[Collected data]
○ ○ ○

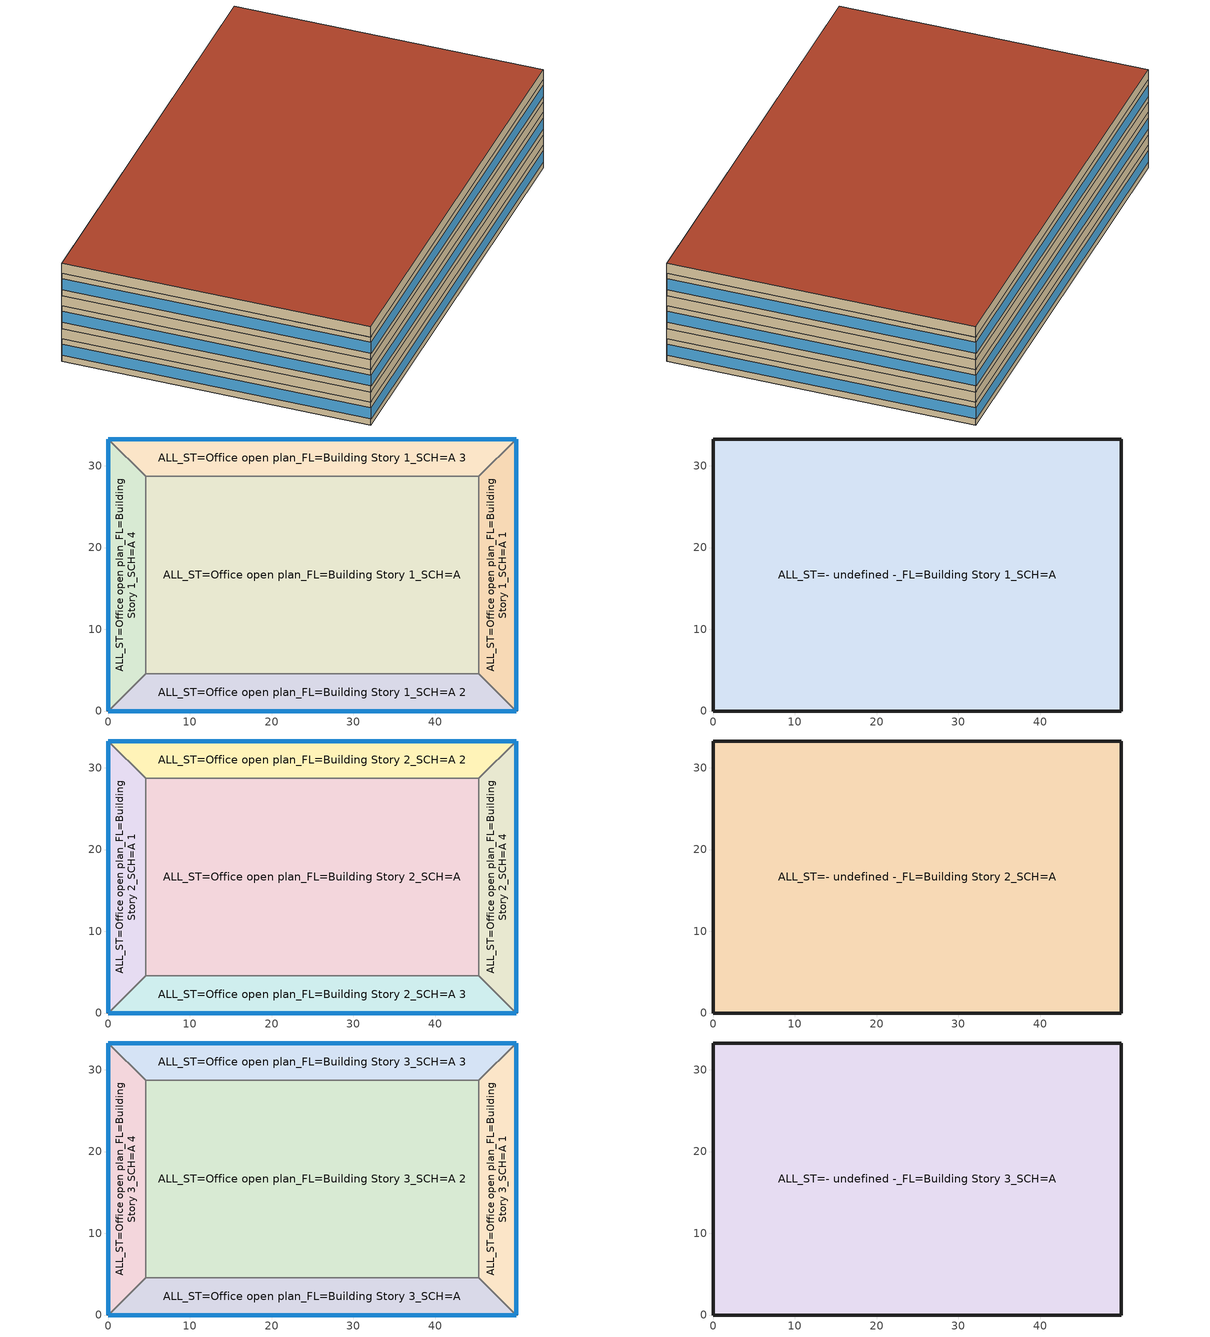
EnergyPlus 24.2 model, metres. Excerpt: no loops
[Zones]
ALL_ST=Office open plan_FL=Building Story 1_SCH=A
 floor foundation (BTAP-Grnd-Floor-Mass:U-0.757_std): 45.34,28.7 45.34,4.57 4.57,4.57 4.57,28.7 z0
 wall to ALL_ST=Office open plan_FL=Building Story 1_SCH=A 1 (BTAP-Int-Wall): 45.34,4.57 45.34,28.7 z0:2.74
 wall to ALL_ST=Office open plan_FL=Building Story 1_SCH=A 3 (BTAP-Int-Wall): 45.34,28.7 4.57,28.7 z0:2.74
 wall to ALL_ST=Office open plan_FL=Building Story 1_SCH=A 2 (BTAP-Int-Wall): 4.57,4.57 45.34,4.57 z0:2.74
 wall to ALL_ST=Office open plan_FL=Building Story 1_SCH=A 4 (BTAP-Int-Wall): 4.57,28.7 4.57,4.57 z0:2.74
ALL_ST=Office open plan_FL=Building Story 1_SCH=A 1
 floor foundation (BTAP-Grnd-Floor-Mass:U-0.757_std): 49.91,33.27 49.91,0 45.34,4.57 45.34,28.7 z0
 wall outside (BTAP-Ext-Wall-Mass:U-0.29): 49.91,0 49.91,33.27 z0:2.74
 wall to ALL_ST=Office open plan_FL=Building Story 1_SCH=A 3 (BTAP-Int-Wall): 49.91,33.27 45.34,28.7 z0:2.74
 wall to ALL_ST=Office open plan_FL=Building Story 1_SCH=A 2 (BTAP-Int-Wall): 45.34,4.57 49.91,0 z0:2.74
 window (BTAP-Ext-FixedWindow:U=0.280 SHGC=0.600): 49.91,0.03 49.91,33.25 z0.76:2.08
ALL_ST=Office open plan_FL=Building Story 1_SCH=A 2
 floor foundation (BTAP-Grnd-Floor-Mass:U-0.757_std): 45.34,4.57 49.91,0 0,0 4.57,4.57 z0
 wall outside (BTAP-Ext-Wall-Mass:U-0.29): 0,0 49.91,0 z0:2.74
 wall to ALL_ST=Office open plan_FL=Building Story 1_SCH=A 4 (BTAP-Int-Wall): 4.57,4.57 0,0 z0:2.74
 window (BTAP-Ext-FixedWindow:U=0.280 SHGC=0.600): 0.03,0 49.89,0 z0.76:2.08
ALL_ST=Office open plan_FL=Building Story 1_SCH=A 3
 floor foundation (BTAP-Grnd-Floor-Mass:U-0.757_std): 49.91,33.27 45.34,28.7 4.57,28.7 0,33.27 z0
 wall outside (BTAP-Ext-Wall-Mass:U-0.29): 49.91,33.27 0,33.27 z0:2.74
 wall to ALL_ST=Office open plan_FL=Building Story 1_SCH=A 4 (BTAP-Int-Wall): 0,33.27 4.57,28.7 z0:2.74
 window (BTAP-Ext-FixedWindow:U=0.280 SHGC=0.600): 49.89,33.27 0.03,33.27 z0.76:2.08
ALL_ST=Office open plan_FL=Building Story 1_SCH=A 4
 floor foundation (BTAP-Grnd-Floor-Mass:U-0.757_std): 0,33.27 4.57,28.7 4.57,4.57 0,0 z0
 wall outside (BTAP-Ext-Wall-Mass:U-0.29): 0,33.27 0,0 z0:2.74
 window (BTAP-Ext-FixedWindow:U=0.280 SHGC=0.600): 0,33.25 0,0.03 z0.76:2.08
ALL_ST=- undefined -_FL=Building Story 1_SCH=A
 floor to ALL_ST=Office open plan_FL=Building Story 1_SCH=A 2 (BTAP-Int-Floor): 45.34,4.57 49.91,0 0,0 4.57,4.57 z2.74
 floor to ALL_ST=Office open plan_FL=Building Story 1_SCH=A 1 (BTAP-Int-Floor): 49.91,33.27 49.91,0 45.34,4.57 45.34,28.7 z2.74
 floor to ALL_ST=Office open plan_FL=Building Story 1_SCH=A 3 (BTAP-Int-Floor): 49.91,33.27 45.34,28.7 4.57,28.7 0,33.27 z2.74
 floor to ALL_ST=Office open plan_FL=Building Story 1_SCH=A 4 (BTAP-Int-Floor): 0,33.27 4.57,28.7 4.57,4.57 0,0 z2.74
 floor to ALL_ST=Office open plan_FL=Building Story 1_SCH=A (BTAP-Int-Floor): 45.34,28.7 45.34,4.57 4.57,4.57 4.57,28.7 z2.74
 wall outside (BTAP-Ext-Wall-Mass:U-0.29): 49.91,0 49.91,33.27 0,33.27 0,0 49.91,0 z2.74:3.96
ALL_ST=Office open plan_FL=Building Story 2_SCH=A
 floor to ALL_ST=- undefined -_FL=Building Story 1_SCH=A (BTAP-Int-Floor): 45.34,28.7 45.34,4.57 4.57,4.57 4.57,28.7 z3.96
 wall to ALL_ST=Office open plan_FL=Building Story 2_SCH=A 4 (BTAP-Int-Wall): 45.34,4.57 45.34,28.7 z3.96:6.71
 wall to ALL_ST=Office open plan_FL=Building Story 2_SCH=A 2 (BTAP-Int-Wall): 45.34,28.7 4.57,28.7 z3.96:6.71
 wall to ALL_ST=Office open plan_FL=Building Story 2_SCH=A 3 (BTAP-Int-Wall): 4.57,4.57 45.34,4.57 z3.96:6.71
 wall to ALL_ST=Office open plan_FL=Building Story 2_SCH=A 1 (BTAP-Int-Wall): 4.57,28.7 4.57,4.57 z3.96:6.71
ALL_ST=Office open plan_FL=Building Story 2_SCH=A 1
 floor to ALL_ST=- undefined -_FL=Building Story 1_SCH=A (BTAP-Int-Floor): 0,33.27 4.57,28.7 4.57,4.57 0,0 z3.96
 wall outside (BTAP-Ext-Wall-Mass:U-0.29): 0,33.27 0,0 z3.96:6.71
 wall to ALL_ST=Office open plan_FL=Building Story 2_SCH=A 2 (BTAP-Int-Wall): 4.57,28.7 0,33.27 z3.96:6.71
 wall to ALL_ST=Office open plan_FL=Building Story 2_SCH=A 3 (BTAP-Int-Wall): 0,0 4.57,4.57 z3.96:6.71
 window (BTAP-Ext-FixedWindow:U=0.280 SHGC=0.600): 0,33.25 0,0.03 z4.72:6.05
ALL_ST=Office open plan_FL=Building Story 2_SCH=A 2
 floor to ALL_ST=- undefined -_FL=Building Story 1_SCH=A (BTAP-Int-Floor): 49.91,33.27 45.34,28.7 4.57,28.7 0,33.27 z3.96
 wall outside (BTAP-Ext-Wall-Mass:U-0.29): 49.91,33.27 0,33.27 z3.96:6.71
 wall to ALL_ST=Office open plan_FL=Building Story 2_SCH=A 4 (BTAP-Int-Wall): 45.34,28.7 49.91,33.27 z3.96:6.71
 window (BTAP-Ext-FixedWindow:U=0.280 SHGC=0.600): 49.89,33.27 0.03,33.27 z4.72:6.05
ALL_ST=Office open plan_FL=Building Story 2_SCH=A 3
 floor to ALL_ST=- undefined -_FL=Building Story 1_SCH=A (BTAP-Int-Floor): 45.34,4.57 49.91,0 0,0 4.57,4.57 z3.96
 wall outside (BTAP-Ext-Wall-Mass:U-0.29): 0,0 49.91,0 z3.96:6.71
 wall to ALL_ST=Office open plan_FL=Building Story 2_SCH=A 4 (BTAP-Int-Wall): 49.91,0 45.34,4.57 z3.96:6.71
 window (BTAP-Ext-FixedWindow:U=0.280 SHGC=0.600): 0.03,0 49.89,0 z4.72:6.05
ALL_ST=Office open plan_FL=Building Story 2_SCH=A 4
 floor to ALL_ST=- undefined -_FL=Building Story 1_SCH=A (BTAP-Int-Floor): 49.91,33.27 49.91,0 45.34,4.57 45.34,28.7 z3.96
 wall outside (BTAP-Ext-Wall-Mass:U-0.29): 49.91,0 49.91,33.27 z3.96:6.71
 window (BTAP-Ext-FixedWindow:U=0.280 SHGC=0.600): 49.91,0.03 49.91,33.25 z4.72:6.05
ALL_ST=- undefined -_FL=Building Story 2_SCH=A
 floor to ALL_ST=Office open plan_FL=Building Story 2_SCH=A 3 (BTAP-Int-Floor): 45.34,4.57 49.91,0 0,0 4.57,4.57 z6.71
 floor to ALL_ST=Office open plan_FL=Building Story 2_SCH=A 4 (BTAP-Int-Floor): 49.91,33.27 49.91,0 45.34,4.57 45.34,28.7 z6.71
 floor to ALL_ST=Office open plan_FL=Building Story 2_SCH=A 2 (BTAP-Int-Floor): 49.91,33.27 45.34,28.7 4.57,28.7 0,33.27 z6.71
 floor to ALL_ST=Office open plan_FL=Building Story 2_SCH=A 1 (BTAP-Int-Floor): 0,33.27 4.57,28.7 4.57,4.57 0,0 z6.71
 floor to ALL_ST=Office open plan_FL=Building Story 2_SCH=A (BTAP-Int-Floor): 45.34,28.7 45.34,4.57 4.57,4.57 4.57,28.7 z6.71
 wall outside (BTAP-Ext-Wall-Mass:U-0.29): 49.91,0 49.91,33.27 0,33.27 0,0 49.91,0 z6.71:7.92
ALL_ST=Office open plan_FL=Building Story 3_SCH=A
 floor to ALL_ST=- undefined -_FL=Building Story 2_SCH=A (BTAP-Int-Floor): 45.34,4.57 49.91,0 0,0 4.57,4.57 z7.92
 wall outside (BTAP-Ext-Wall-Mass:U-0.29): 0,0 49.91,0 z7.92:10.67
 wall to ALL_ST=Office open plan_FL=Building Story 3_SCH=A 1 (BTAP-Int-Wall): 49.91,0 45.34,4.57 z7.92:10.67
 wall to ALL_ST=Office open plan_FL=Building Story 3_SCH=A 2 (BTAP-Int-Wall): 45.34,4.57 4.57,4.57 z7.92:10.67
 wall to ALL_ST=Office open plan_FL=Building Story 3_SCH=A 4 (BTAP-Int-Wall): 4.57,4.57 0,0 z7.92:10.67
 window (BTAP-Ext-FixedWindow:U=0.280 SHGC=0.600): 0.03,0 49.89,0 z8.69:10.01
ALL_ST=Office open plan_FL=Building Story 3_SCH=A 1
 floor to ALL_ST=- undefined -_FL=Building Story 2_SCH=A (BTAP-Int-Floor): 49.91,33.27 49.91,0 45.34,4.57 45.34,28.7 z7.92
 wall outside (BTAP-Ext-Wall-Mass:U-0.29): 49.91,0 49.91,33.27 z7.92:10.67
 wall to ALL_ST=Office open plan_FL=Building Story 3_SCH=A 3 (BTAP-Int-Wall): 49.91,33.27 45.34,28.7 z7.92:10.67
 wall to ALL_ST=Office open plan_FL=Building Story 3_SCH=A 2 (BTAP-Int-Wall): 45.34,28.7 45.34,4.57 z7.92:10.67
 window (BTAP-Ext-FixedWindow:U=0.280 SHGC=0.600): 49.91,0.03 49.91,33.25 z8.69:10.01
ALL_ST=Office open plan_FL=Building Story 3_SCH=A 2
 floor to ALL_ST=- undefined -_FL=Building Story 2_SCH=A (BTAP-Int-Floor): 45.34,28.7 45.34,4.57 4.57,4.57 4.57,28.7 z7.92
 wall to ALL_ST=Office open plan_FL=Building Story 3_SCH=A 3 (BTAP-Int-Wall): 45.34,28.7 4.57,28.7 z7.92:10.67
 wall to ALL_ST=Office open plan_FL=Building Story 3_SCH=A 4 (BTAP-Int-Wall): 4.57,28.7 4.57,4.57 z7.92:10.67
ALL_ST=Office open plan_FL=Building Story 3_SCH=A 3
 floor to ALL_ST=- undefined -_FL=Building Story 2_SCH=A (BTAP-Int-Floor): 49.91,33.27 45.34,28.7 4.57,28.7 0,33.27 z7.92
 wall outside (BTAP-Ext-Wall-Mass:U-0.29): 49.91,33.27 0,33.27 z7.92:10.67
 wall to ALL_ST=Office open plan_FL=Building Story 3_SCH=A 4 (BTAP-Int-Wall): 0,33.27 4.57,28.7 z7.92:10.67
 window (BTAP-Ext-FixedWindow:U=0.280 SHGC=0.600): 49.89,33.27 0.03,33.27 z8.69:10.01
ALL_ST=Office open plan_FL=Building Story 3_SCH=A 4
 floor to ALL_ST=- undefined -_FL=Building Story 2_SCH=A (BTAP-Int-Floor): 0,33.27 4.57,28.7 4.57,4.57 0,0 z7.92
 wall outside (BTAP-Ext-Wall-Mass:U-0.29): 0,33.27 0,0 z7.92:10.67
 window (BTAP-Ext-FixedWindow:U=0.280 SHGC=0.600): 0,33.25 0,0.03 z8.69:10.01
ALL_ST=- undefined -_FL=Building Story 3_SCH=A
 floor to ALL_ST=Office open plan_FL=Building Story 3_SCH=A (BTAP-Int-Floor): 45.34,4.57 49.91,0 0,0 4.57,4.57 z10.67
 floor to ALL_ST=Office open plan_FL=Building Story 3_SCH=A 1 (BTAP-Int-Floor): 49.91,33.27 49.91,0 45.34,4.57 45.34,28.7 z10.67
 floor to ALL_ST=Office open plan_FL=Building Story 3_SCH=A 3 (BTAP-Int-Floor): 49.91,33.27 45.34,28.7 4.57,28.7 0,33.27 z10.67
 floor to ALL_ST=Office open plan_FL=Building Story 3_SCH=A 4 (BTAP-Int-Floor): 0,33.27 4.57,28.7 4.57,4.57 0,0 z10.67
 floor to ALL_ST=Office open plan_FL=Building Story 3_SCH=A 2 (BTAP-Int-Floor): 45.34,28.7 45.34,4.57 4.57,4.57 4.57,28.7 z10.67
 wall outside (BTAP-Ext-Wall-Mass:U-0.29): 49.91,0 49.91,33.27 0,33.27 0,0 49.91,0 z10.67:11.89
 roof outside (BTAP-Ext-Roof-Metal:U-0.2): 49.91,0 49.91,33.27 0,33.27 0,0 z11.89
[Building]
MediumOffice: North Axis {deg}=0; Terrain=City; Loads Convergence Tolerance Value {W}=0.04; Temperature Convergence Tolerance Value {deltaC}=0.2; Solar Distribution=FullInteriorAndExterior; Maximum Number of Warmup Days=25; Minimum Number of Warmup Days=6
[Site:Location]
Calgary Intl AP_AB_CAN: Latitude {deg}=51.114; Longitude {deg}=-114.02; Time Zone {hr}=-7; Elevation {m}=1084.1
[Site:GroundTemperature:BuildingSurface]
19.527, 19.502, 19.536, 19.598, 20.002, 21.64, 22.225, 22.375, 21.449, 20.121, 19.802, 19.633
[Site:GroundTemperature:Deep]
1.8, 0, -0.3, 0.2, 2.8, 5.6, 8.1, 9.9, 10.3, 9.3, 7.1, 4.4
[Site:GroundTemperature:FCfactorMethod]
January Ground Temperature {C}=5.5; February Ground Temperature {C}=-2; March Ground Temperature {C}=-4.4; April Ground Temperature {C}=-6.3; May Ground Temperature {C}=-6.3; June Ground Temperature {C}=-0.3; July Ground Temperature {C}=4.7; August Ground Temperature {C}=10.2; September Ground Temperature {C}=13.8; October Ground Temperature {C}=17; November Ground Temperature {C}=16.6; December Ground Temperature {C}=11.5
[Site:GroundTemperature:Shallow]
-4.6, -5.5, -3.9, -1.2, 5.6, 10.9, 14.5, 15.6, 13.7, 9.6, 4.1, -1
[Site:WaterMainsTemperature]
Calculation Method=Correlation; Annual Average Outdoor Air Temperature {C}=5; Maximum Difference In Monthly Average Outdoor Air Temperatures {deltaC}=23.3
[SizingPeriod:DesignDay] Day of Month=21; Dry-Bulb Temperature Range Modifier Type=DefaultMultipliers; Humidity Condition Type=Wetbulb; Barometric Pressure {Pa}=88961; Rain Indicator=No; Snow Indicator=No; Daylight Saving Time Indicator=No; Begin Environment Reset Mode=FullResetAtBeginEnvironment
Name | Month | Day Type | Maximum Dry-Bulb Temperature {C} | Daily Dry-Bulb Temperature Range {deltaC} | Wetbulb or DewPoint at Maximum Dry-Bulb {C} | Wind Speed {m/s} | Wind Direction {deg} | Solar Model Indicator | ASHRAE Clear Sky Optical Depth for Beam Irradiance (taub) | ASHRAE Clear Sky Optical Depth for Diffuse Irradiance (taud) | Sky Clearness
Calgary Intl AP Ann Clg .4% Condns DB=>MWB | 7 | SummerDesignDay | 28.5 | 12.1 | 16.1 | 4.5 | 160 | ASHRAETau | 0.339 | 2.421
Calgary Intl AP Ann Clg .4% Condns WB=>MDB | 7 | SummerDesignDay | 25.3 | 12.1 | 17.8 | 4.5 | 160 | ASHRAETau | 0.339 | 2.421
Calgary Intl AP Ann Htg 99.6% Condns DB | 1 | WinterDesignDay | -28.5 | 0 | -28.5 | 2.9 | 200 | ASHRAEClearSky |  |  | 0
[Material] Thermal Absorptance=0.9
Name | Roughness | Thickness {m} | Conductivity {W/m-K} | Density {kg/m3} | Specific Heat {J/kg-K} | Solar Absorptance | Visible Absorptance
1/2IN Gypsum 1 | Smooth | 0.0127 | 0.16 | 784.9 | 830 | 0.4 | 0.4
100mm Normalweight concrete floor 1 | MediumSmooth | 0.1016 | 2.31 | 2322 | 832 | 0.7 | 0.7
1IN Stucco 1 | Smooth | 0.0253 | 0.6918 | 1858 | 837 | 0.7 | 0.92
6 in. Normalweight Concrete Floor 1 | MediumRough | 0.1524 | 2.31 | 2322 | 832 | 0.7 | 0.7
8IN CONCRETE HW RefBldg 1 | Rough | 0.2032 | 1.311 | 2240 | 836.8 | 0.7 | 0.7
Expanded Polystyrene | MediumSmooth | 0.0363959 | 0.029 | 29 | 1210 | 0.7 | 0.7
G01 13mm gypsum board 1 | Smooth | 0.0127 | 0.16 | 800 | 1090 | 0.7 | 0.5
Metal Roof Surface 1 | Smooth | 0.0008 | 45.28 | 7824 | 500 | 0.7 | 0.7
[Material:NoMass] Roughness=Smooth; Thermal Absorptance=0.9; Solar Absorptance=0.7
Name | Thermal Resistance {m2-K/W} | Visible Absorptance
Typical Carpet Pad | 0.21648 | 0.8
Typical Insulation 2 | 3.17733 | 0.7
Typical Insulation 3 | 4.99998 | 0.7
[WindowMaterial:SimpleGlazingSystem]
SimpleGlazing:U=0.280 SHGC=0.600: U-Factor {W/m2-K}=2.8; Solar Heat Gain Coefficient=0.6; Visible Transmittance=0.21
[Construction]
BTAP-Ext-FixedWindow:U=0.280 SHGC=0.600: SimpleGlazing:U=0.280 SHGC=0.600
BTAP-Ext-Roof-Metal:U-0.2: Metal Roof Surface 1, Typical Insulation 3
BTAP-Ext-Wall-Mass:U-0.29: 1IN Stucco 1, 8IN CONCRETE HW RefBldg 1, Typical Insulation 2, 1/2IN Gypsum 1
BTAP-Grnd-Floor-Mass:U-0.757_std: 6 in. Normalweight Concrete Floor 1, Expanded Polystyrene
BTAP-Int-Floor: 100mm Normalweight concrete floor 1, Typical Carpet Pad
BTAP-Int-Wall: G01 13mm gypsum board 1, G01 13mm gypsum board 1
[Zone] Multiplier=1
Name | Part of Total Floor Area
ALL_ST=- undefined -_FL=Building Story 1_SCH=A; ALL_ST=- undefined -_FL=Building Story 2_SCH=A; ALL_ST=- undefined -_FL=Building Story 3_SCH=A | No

○ ○ ○

§ **Your goal**
Each line from the start of the entries through the line with "floor foundation (BTAP-Grnd-Floor-Mass:U-0.757_std): 0,33.27" is to be restated exactly, and the pictures are to be skipped.

§ **Response to the exercise**
EnergyPlus 24.2 model, metres. Excerpt: no loops
[Zones]
ALL_ST=Office open plan_FL=Building Story 1_SCH=A
 floor foundation (BTAP-Grnd-Floor-Mass:U-0.757_std): 45.34,28.7 45.34,4.57 4.57,4.57 4.57,28.7 z0
 wall to ALL_ST=Office open plan_FL=Building Story 1_SCH=A 1 (BTAP-Int-Wall): 45.34,4.57 45.34,28.7 z0:2.74
 wall to ALL_ST=Office open plan_FL=Building Story 1_SCH=A 3 (BTAP-Int-Wall): 45.34,28.7 4.57,28.7 z0:2.74
 wall to ALL_ST=Office open plan_FL=Building Story 1_SCH=A 2 (BTAP-Int-Wall): 4.57,4.57 45.34,4.57 z0:2.74
 wall to ALL_ST=Office open plan_FL=Building Story 1_SCH=A 4 (BTAP-Int-Wall): 4.57,28.7 4.57,4.57 z0:2.74
ALL_ST=Office open plan_FL=Building Story 1_SCH=A 1
 floor foundation (BTAP-Grnd-Floor-Mass:U-0.757_std): 49.91,33.27 49.91,0 45.34,4.57 45.34,28.7 z0
 wall outside (BTAP-Ext-Wall-Mass:U-0.29): 49.91,0 49.91,33.27 z0:2.74
 wall to ALL_ST=Office open plan_FL=Building Story 1_SCH=A 3 (BTAP-Int-Wall): 49.91,33.27 45.34,28.7 z0:2.74
 wall to ALL_ST=Office open plan_FL=Building Story 1_SCH=A 2 (BTAP-Int-Wall): 45.34,4.57 49.91,0 z0:2.74
 window (BTAP-Ext-FixedWindow:U=0.280 SHGC=0.600): 49.91,0.03 49.91,33.25 z0.76:2.08
ALL_ST=Office open plan_FL=Building Story 1_SCH=A 2
 floor foundation (BTAP-Grnd-Floor-Mass:U-0.757_std): 45.34,4.57 49.91,0 0,0 4.57,4.57 z0
 wall outside (BTAP-Ext-Wall-Mass:U-0.29): 0,0 49.91,0 z0:2.74
 wall to ALL_ST=Office open plan_FL=Building Story 1_SCH=A 4 (BTAP-Int-Wall): 4.57,4.57 0,0 z0:2.74
 window (BTAP-Ext-FixedWindow:U=0.280 SHGC=0.600): 0.03,0 49.89,0 z0.76:2.08
ALL_ST=Office open plan_FL=Building Story 1_SCH=A 3
 floor foundation (BTAP-Grnd-Floor-Mass:U-0.757_std): 49.91,33.27 45.34,28.7 4.57,28.7 0,33.27 z0
 wall outside (BTAP-Ext-Wall-Mass:U-0.29): 49.91,33.27 0,33.27 z0:2.74
 wall to ALL_ST=Office open plan_FL=Building Story 1_SCH=A 4 (BTAP-Int-Wall): 0,33.27 4.57,28.7 z0:2.74
 window (BTAP-Ext-FixedWindow:U=0.280 SHGC=0.600): 49.89,33.27 0.03,33.27 z0.76:2.08
ALL_ST=Office open plan_FL=Building Story 1_SCH=A 4
 floor foundation (BTAP-Grnd-Floor-Mass:U-0.757_std): 0,33.27 4.57,28.7 4.57,4.57 0,0 z0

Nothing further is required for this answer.